Il reste à espérer que « les fruits tiendront la promesse des fleurs ». Mais, pour qu’il en soit ainsi, il faut que l’UA et la Cedeao, la communauté internationale – et les acteurs togolais au premier chef – jouent jusqu’au bout le jeu de la démocratie, privilégient l’apaisement plutôt que l’affrontement, se donnent pour objectif de mener le Togo à une République nouvelle qui aura exorcisé le démon de la vendetta.
Mais il y a aussi dans la région des Grands Lacs, au Burundi, un deuxième succès pour la grande diplomatie africaine, tout aussi éclatant, et qui a beaucoup tardé à venir (voir pages 37-39).
Si l’on passe de l’Afrique subsaharienne au Moyen-Orient, on aperçoit trois évolutions qui mêlent le positif et le négatif, mais dont on peut dire, tout bien pesé, qu’elles sont – de loin – préférables au statu quo ante.

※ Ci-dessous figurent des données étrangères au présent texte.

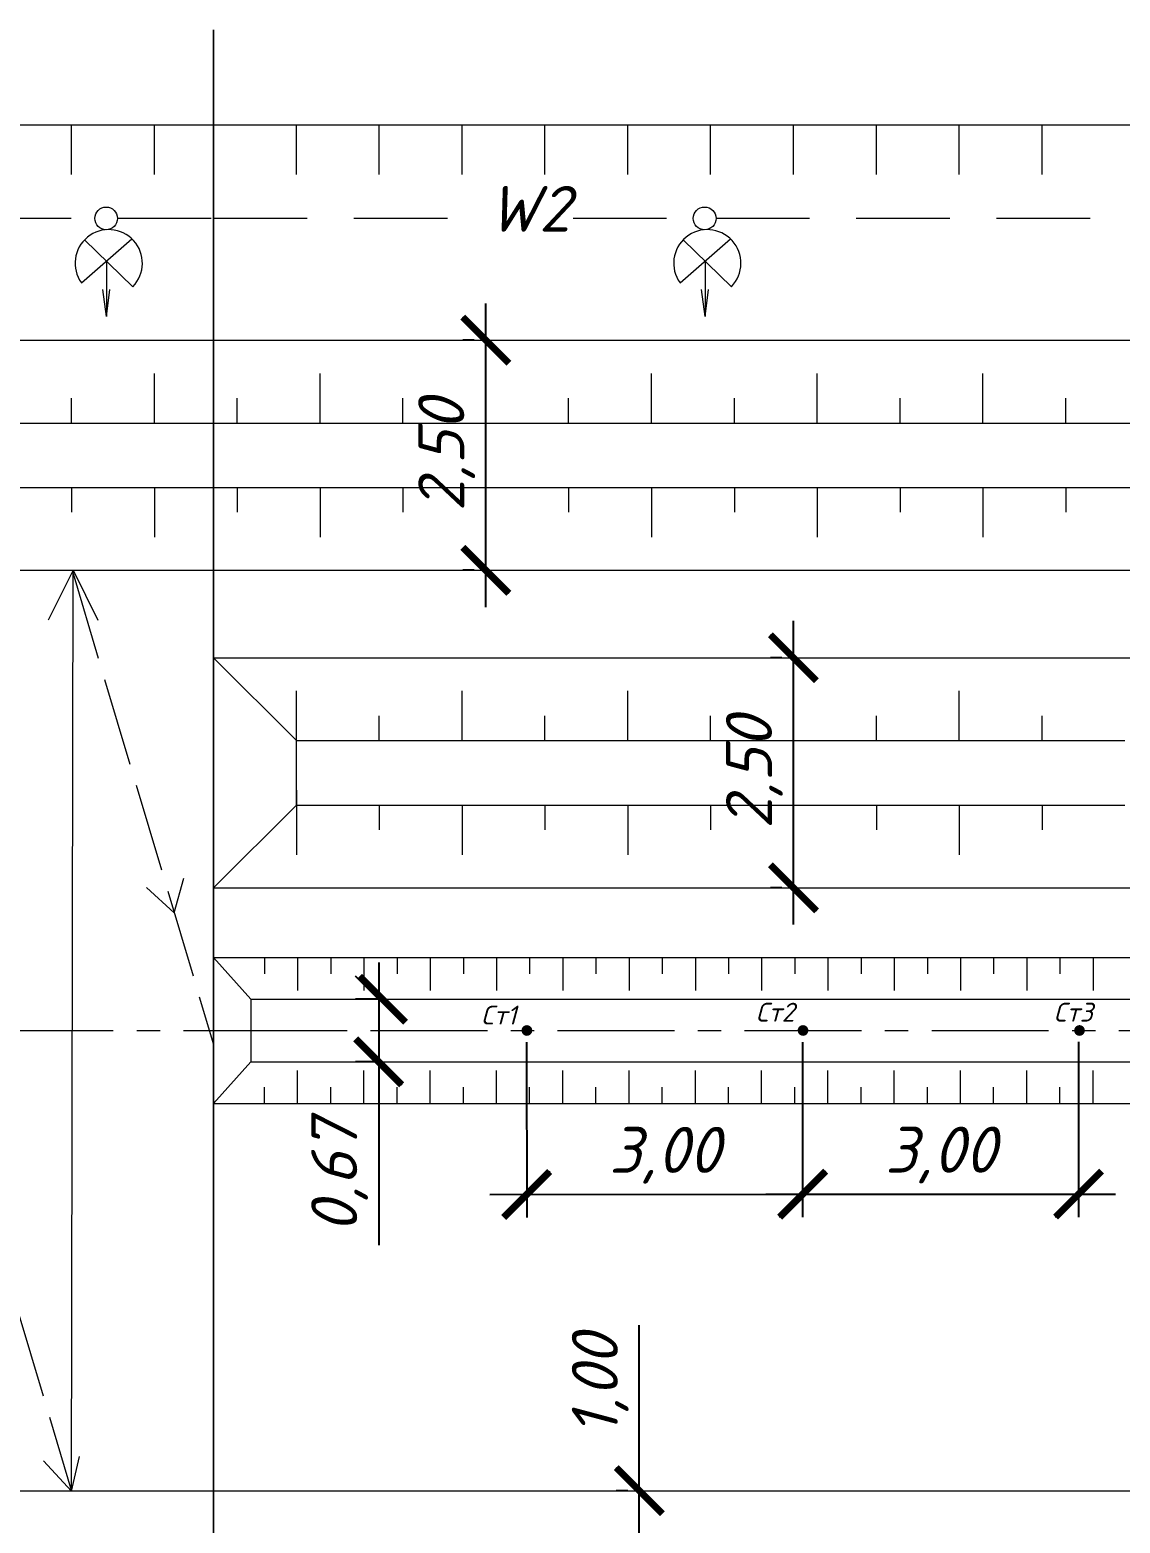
# Model space of a CAD drawing. Header units: millimetres. Extents: x 27137 to 30937, y -4667 to -569.
# Drawn here: x 29548.5 to 29607.7, y -2856.5 to -2775.4 of the extents above; entities that cross this region are included whole.
import ezdxf

# ---------------------------------------------------------------- set-up
doc = ezdxf.new("R2010")
doc.units = ezdxf.units.MM
doc.header["$LTSCALE"] = 0.4
for name, pattern in [('ACAD_ISO02W100', [15, 12, -3]), ('осевая', [50.8, 31.75, -6.35, 6.35, -6.35]), ('штриховаяX2', [38.1, 25.4, -12.7])]:
    doc.linetypes.add(name, pattern=pattern)
doc.layers.add('здания', color=7, linetype='Continuous', lineweight=40)
doc.styles.add('Isocpeur', font='isocpeui.ttf', dxfattribs={"height": 2.5})
doc.styles.get("Standard").update_dxf_attribs({"font": 'isocpeui.ttf', "height": 2.5})
doc.dimstyles.new('06', dxfattribs={"dimtxt": 2.5, "dimasz": 2.5, "dimexe": 1.25, "dimexo": 0.625, "dimtad": 1, "dimdec": 0, "dimlfac": 200, "dimtxsty": 'Standard', "dimblk": 'OBLIQUE', "dimcen": 2.5, "dimdle": 2, "dimadec": 0, "dimazin": 0, "dimtfac": 1, "dimtdec": 0, "dimtmove": 0, "dimatfit": 3, "dimldrblk": 'OBLIQUE', "dimfxl": 1, "dimarcsym": 0})

# ---------------------------------------------------------------- blocks, each defined once
blk = doc.blocks.new('_Oblique')
at = {"color": 0, "linetype": 'ByBlock', "lineweight": -2}
blk.add_line((-0.5, -0.5), (0.5, 0.5), dxfattribs=at)
blk = doc.blocks.new('*D516')
at = {"color": 0, "lineweight": -2, "transparency": 16777216}
for p, q in [((29573.225, -2806.728), (29573.225, -2790.228)), ((29572.6, -2792.228), (29571.975, -2792.228)), ((29572.6, -2804.728), (29571.975, -2804.728))]:
    blk.add_line(p, q, dxfattribs=at)
at = {"layer": 'Defpoints', "color": 0, "transparency": 16777216}
for p in [(29573.225, -2792.228), (29573.225, -2792.228), (29573.225, -2804.728)]:
    blk.add_point(p, dxfattribs=at)
at = {"color": 0, "lineweight": -2, "transparency": 16777216, "xscale": 2.5, "yscale": 2.5, "zscale": 2.5}
for p, rotation in [((29573.225, -2792.228), 90), ((29573.225, -2804.728), 270)]:
    blk.add_blockref('_Oblique', p, dxfattribs=dict(at, rotation=rotation))
at = {"color": 0, "lineweight": 15, "transparency": 16777216, "insert": (29571.1, -2798.478), "char_height": 2.5, "attachment_point": 5, "rotation": 90, "style": 'Isocpeur'}
blk.add_mtext('2,50', dxfattribs=at)
blk = doc.blocks.new('*D554')
at = {"color": 0, "lineweight": -2, "transparency": 16777216}
for p, q in [((29575.442, -2830.364), (29575.449, -2839.885)), ((29590.428, -2830.353), (29590.435, -2839.874)), ((29573.448, -2838.636), (29592.434, -2838.622))]:
    blk.add_line(p, q, dxfattribs=at)
at = {"layer": 'Defpoints', "color": 0, "transparency": 16777216}
for p in [(29575.442, -2829.739), (29590.428, -2829.728), (29590.434, -2838.624)]:
    blk.add_point(p, dxfattribs=at)
at = {"color": 0, "lineweight": -2, "transparency": 16777216, "xscale": 2.5, "yscale": 2.5, "zscale": 2.5}
for p, rotation in [((29575.448, -2838.635), 180.0424897581809), ((29590.434, -2838.624), 0.04248975818089688)]:
    blk.add_blockref('_Oblique', p, dxfattribs=dict(at, rotation=rotation))
at = {"color": 0, "lineweight": 15, "transparency": 16777216, "insert": (29582.938, -2834.421), "char_height": 2.5, "attachment_point": 5, "rotation": 0.04249, "style": 'Isocpeur'}
blk.add_mtext('\\P3,00', dxfattribs=at)
blk = doc.blocks.new('*D517')
at = {"color": 0, "lineweight": -2, "transparency": 16777216}
for p, q in [((29590.428, -2830.353), (29590.435, -2839.874)), ((29605.414, -2830.342), (29605.421, -2839.862)), ((29588.434, -2838.625), (29607.42, -2838.611))]:
    blk.add_line(p, q, dxfattribs=at)
at = {"layer": 'Defpoints', "color": 0, "transparency": 16777216}
for p in [(29590.428, -2829.728), (29605.413, -2829.717), (29605.42, -2838.612)]:
    blk.add_point(p, dxfattribs=at)
at = {"color": 0, "lineweight": -2, "transparency": 16777216, "xscale": 2.5, "yscale": 2.5, "zscale": 2.5}
for p, rotation in [((29590.434, -2838.624), 180.0424897581809), ((29605.42, -2838.612), 0.04248975818089688)]:
    blk.add_blockref('_Oblique', p, dxfattribs=dict(at, rotation=rotation))
at = {"color": 0, "lineweight": 15, "transparency": 16777216, "insert": (29597.924, -2834.41), "char_height": 2.5, "attachment_point": 5, "rotation": 0.04249, "style": 'Isocpeur'}
blk.add_mtext('\\P3,00', dxfattribs=at)
blk = doc.blocks.new('*D527')
at = {"color": 0, "lineweight": -2, "transparency": 16777216}
for p, q in [((29589.938, -2823.978), (29589.938, -2807.478)), ((29589.313, -2809.478), (29588.688, -2809.478)), ((29589.313, -2821.978), (29588.688, -2821.978))]:
    blk.add_line(p, q, dxfattribs=at)
at = {"layer": 'Defpoints', "color": 0, "transparency": 16777216}
for p in [(29589.938, -2809.478), (29589.938, -2809.478), (29589.938, -2821.978)]:
    blk.add_point(p, dxfattribs=at)
at = {"color": 0, "lineweight": -2, "transparency": 16777216, "xscale": 2.5, "yscale": 2.5, "zscale": 2.5}
for p, rotation in [((29589.938, -2809.478), 90), ((29589.938, -2821.978), 270)]:
    blk.add_blockref('_Oblique', p, dxfattribs=dict(at, rotation=rotation))
at = {"color": 0, "lineweight": 15, "transparency": 16777216, "insert": (29587.813, -2815.728), "char_height": 2.5, "attachment_point": 5, "rotation": 90, "style": 'Isocpeur'}
blk.add_mtext('2,50', dxfattribs=at)
blk = doc.blocks.new('*D570')
at = {"color": 0, "lineweight": -2, "transparency": 16777216}
for p, q in [((29581.565, -2854.728), (29581.565, -2845.743)), ((29580.94, -2854.728), (29580.315, -2854.728)), ((29581.565, -2861.728), (29581.565, -2854.728)), ((29580.94, -2859.728), (29580.315, -2859.728))]:
    blk.add_line(p, q, dxfattribs=at)
at = {"layer": 'Defpoints', "color": 0, "transparency": 16777216}
for p in [(29581.565, -2854.728), (29581.565, -2854.728), (29581.565, -2859.728)]:
    blk.add_point(p, dxfattribs=at)
at = {"color": 0, "lineweight": -2, "transparency": 16777216, "xscale": 2.5, "yscale": 2.5, "zscale": 2.5}
for p, rotation in [((29581.565, -2854.728), 90), ((29581.565, -2859.728), 270)]:
    blk.add_blockref('_Oblique', p, dxfattribs=dict(at, rotation=rotation))
at = {"color": 0, "lineweight": 15, "transparency": 16777216, "insert": (29579.44, -2848.985), "char_height": 2.5, "attachment_point": 5, "rotation": 90, "style": 'Isocpeur'}
blk.add_mtext('1,00', dxfattribs=at)
blk = doc.blocks.new('*D571')
at = {"color": 0, "lineweight": -2, "transparency": 16777216}
for p, q in [((29567.408, -2826.028), (29567.408, -2831.428)), ((29567.617, -2828.028), (29566.158, -2828.028)), ((29567.617, -2831.428), (29566.158, -2831.428)), ((29567.408, -2831.428), (29567.408, -2841.394))]:
    blk.add_line(p, q, dxfattribs=at)
at = {"layer": 'Defpoints', "color": 0, "transparency": 16777216}
for p in [(29568.242, -2828.028), (29567.408, -2831.428), (29568.242, -2831.428)]:
    blk.add_point(p, dxfattribs=at)
at = {"color": 0, "lineweight": -2, "transparency": 16777216, "xscale": 2.5, "yscale": 2.5, "zscale": 2.5}
for p, rotation in [((29567.408, -2828.028), 90), ((29567.408, -2831.428), 270)]:
    blk.add_blockref('_Oblique', p, dxfattribs=dict(at, rotation=rotation))
at = {"color": 0, "lineweight": 15, "transparency": 16777216, "insert": (29565.283, -2837.661), "char_height": 2.5, "attachment_point": 5, "rotation": 90, "style": 'Isocpeur'}
blk.add_mtext('0,67', dxfattribs=at)
blk = doc.blocks.new('_ArchTick')
at = {"color": 0, "linetype": 'ByBlock', "const_width": 0.15}
blk.add_lwpolyline([(-0.5, -0.5), (0.5, 0.5)], dxfattribs=at)

msp = doc.modelspace()

# ---------------------------------------------------------------- hatches: boundary and pattern name
at = {"lineweight": 15}
h = msp.add_hatch(color=256, dxfattribs=at)
h.dxf.hatch_style = 1
h.paths.add_polyline_path([(29575.7497, -2829.7279), (29575.458, -2829.7279), (29575.1664, -2829.7279, 1)])
h.paths.add_polyline_path([(29575.458, -2829.4363, 0.4142136), (29575.1664, -2829.7279), (29575.458, -2829.7279)])
h = msp.add_hatch(color=256, dxfattribs=at)
h.dxf.hatch_style = 1
h.paths.add_polyline_path([(29575.458, -2829.4363), (29575.458, -2829.7279), (29575.7497, -2829.7279, 0.4142136)])
h = msp.add_hatch(color=256, dxfattribs=at)
h.dxf.hatch_style = 1
h.paths.add_polyline_path([(29590.7468, -2829.7279), (29590.4552, -2829.7279), (29590.1635, -2829.7279, 1)])
h.paths.add_polyline_path([(29590.4552, -2829.4363, 0.4142136), (29590.1635, -2829.7279), (29590.4552, -2829.7279)])
h = msp.add_hatch(color=256, dxfattribs=at)
h.dxf.hatch_style = 1
h.paths.add_polyline_path([(29590.4552, -2829.4363), (29590.4552, -2829.7279), (29590.7468, -2829.7279, 0.4142136)])
h = msp.add_hatch(color=256, dxfattribs=at)
h.dxf.hatch_style = 1
h.paths.add_polyline_path([(29605.7641, -2829.7279), (29605.4724, -2829.7279), (29605.1807, -2829.7279, 1)])
h.paths.add_polyline_path([(29605.4724, -2829.4363, 0.4142136), (29605.1807, -2829.7279), (29605.4724, -2829.7279)])
h = msp.add_hatch(color=256, dxfattribs=at)
h.dxf.hatch_style = 1
h.paths.add_polyline_path([(29605.4724, -2829.4363), (29605.4724, -2829.7279), (29605.7641, -2829.7279, 0.4142136)])

# ---------------------------------------------------------------- linework, layer by layer
for p, q in [((29558.4382, -2778.0688), (29558.4382, -2775.3688)), ((29558.4382, -2778.0688), (29558.4382, -2775.3688)), ((29558.4382, -2865.3372), (29558.4382, -2779.8832)), ((29558.4382, -2865.3372), (29558.4382, -2779.8832)), ((29558.4382, -2865.3372), (29558.4382, -2779.8832)), ((29558.4382, -2865.3372), (29558.4382, -2779.8832)), ((29424.7253, -2780.5321), (29959.5769, -2780.5321)), ((29550.7253, -2783.2321), (29550.7253, -2780.5321)), ((29550.7253, -2783.2321), (29550.7253, -2780.5321)), ((29555.2253, -2783.2321), (29555.2253, -2780.5321)), ((29562.9382, -2783.2321), (29562.9382, -2780.5321)), ((29567.4382, -2783.2321), (29567.4382, -2780.5321)), ((29571.9382, -2783.2321), (29571.9382, -2780.5321)), ((29576.4382, -2783.2321), (29576.4382, -2780.5321)), ((29580.9382, -2783.2321), (29580.9382, -2780.5321)), ((29585.4382, -2783.2321), (29585.4382, -2780.5321)), ((29589.9382, -2783.2321), (29589.9382, -2780.5321)), ((29594.4382, -2783.2321), (29594.4382, -2780.5321)), ((29594.4382, -2783.2321), (29594.4382, -2780.5321)), ((29594.4382, -2783.2321), (29594.4382, -2780.5321)), ((29598.9382, -2783.2321), (29598.9382, -2780.5321)), ((29598.9382, -2783.2321), (29598.9382, -2780.5321)), ((29603.4382, -2783.2321), (29603.4382, -2780.5321)), ((29555.2253, -2796.7279), (29555.2253, -2794.0279)), ((29555.2253, -2796.7279), (29555.2253, -2794.0279)), ((29564.2253, -2796.7279), (29564.2253, -2794.0279)), ((29564.2253, -2796.7279), (29564.2253, -2794.0279)), ((29564.2253, -2796.7279), (29564.2253, -2794.0279)), ((29573.2253, -2796.7279), (29573.2253, -2794.0279)), ((29573.2253, -2796.7279), (29573.2253, -2794.0279)), ((29582.2253, -2796.7279), (29582.2253, -2794.0279)), ((29582.2253, -2796.7279), (29582.2253, -2794.0279)), ((29582.2253, -2796.7279), (29582.2253, -2794.0279)), ((29591.2253, -2796.7279), (29591.2253, -2794.0279)), ((29591.2253, -2796.7279), (29591.2253, -2794.0279)), ((29600.2253, -2796.7279), (29600.2253, -2794.0279)), ((29600.2253, -2796.7279), (29600.2253, -2794.0279)), ((29600.2253, -2796.7279), (29600.2253, -2794.0279)), ((29550.7253, -2796.7279), (29550.7253, -2795.3779)), ((29559.7253, -2796.7279), (29559.7253, -2795.3779)), ((29568.7253, -2796.7279), (29568.7253, -2795.3779)), ((29577.7253, -2796.7279), (29577.7253, -2795.3779)), ((29586.7253, -2796.7279), (29586.7253, -2795.3779)), ((29595.7253, -2796.7279), (29595.7253, -2795.3779)), ((29604.7253, -2796.7279), (29604.7253, -2795.3779)), ((29550.7253, -2800.2279), (29550.7253, -2801.5779)), ((29555.2253, -2800.2279), (29555.2253, -2802.9279)), ((29555.2253, -2800.2279), (29555.2253, -2802.9279)), ((29555.2253, -2800.2279), (29555.2253, -2802.9279)), ((29555.2253, -2800.2279), (29555.2253, -2802.9279)), ((29559.7253, -2800.2279), (29559.7253, -2801.5779)), ((29564.2253, -2800.2279), (29564.2253, -2802.9279)), ((29564.2253, -2800.2279), (29564.2253, -2802.9279)), ((29564.2253, -2800.2279), (29564.2253, -2802.9279)), ((29568.7253, -2800.2279), (29568.7253, -2801.5779)), ((29573.2253, -2800.2279), (29573.2253, -2802.9279)), ((29573.2253, -2800.2279), (29573.2253, -2802.9279)), ((29573.2253, -2800.2279), (29573.2253, -2802.9279)), ((29573.2253, -2800.2279), (29573.2253, -2802.9279)), ((29577.7253, -2800.2279), (29577.7253, -2801.5779)), ((29582.2253, -2800.2279), (29582.2253, -2802.9279)), ((29582.2253, -2800.2279), (29582.2253, -2802.9279)), ((29582.2253, -2800.2279), (29582.2253, -2802.9279)), ((29586.7253, -2800.2279), (29586.7253, -2801.5779)), ((29591.2253, -2800.2279), (29591.2253, -2802.9279)), ((29591.2253, -2800.2279), (29591.2253, -2802.9279)), ((29591.2253, -2800.2279), (29591.2253, -2802.9279)), ((29591.2253, -2800.2279), (29591.2253, -2802.9279)), ((29595.7253, -2800.2279), (29595.7253, -2801.5779)), ((29600.2253, -2800.2279), (29600.2253, -2802.9279)), ((29600.2253, -2800.2279), (29600.2253, -2802.9279)), ((29600.2253, -2800.2279), (29600.2253, -2802.9279)), ((29604.7253, -2800.2279), (29604.7253, -2801.5779)), ((29550.81, -2804.7279), (29549.46, -2807.4279)), ((29550.81, -2804.7279), (29552.16, -2807.4279)), ((29558.4382, -2809.4779), (29562.9382, -2813.9779)), ((29562.9382, -2813.9779), (29562.9382, -2811.2779)), ((29562.9382, -2813.9779), (29562.9382, -2811.2779)), ((29562.9382, -2813.9779), (29562.9382, -2811.2779)), ((29562.9382, -2813.9779), (29562.9382, -2811.2779)), ((29571.9382, -2813.9779), (29571.9382, -2811.2779)), ((29571.9382, -2813.9779), (29571.9382, -2811.2779)), ((29580.9382, -2813.9779), (29580.9382, -2811.2779)), ((29580.9382, -2813.9779), (29580.9382, -2811.2779)), ((29580.9382, -2813.9779), (29580.9382, -2811.2779)), ((29589.9382, -2813.9779), (29589.9382, -2811.2779)), ((29589.9382, -2813.9779), (29589.9382, -2811.2779)), ((29589.9382, -2813.9779), (29589.9382, -2811.2779)), ((29589.9382, -2813.9779), (29589.9382, -2811.2779)), ((29589.9382, -2813.9779), (29589.9382, -2811.2779)), ((29598.9382, -2813.9779), (29598.9382, -2811.2779)), ((29598.9382, -2813.9779), (29598.9382, -2811.2779)), ((29567.4382, -2813.9779), (29567.4382, -2812.6279)), ((29576.4382, -2813.9779), (29576.4382, -2812.6279)), ((29585.4382, -2813.9779), (29585.4382, -2812.6279)), ((29594.4382, -2813.9779), (29594.4382, -2812.6279)), ((29603.4382, -2813.9779), (29603.4382, -2812.6279)), ((29562.9382, -2816.6779), (29562.9382, -2819.3779)), ((29562.9382, -2817.4779), (29558.4382, -2821.9779)), ((29562.9382, -2817.4779), (29562.9382, -2820.1779)), ((29562.9382, -2817.4779), (29562.9382, -2820.1779)), ((29562.9382, -2817.4779), (29562.9382, -2820.1779)), ((29562.9382, -2817.4779), (29562.9382, -2820.1779)), ((29567.4382, -2817.4779), (29567.4382, -2818.8279)), ((29571.9382, -2817.4779), (29571.9382, -2820.1779)), ((29571.9382, -2817.4779), (29571.9382, -2820.1779)), ((29576.4382, -2817.4779), (29576.4382, -2818.8279)), ((29580.9382, -2817.4779), (29580.9382, -2820.1779)), ((29580.9382, -2817.4779), (29580.9382, -2820.1779)), ((29580.9382, -2817.4779), (29580.9382, -2820.1779)), ((29585.4382, -2817.4779), (29585.4382, -2818.8279)), ((29589.9382, -2817.4779), (29589.9382, -2820.1779)), ((29589.9382, -2817.4779), (29589.9382, -2820.1779)), ((29589.9382, -2817.4779), (29589.9382, -2820.1779)), ((29589.9382, -2817.4779), (29589.9382, -2820.1779)), ((29589.9382, -2817.4779), (29589.9382, -2820.1779)), ((29594.4382, -2817.4779), (29594.4382, -2818.8279)), ((29598.9382, -2817.4779), (29598.9382, -2820.1779)), ((29598.9382, -2817.4779), (29598.9382, -2820.1779)), ((29603.4382, -2817.4779), (29603.4382, -2818.8279)), ((29556.3061, -2823.3405), (29556.8223, -2821.4614)), ((29561.2079, -2825.7579), (29561.2079, -2826.6579)), ((29563.0079, -2825.7579), (29563.0079, -2827.5579)), ((29564.8079, -2825.7579), (29564.8079, -2826.6579)), ((29564.8079, -2825.7579), (29564.8079, -2826.6579)), ((29566.6079, -2825.7579), (29566.6079, -2827.5579)), ((29566.6079, -2825.7579), (29566.6079, -2827.5579)), ((29566.6079, -2825.7579), (29566.6079, -2827.5579)), ((29568.4079, -2825.7579), (29568.4079, -2826.6579)), ((29568.4079, -2825.7579), (29568.4079, -2826.6579)), ((29570.2079, -2825.7579), (29570.2079, -2827.5579)), ((29570.2079, -2825.7579), (29570.2079, -2827.5579)), ((29570.2079, -2825.7579), (29570.2079, -2827.5579)), ((29572.0079, -2825.7579), (29572.0079, -2826.6579)), ((29572.0079, -2825.7579), (29572.0079, -2826.6579)), ((29573.8079, -2825.7579), (29573.8079, -2827.5579)), ((29573.8079, -2825.7579), (29573.8079, -2827.5579)), ((29573.8079, -2825.7579), (29573.8079, -2827.5579)), ((29575.6079, -2825.7579), (29575.6079, -2826.6579)), ((29575.6079, -2825.7579), (29575.6079, -2826.6579)), ((29577.4079, -2825.7579), (29577.4079, -2827.5579)), ((29577.4079, -2825.7579), (29577.4079, -2827.5579)), ((29577.4079, -2825.7579), (29577.4079, -2827.5579)), ((29579.2079, -2825.7579), (29579.2079, -2826.6579)), ((29579.2079, -2825.7579), (29579.2079, -2826.6579)), ((29581.0079, -2825.7579), (29581.0079, -2827.5579)), ((29581.0079, -2825.7579), (29581.0079, -2827.5579)), ((29581.0079, -2825.7579), (29581.0079, -2827.5579)), ((29582.8079, -2825.7579), (29582.8079, -2826.6579)), ((29582.8079, -2825.7579), (29582.8079, -2826.6579)), ((29584.6079, -2825.7579), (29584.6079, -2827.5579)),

1. La seconde Intifada palestinienne est terminée ou, à tout le moins, suspendue ; l’ère Arafat est ainsi clôturée, et il reviendra aux historiens de se prononcer sur la performance du fondateur de l’Organisation de libération de la Palestine (OLP).
Du côté israélo-américain, plus précisément des pouvoirs qui dirigent les deux pays, on estime qu’on a « contenu la vague » et défait ceux des Palestiniens qui voulaient obtenir par la force ce qui leur a été refusé par la négociation. Mais Bush et Sharon eux-mêmes savent que le statu quo n’est pas tenable et donnent l’impression de vouloir faire bouger les choses.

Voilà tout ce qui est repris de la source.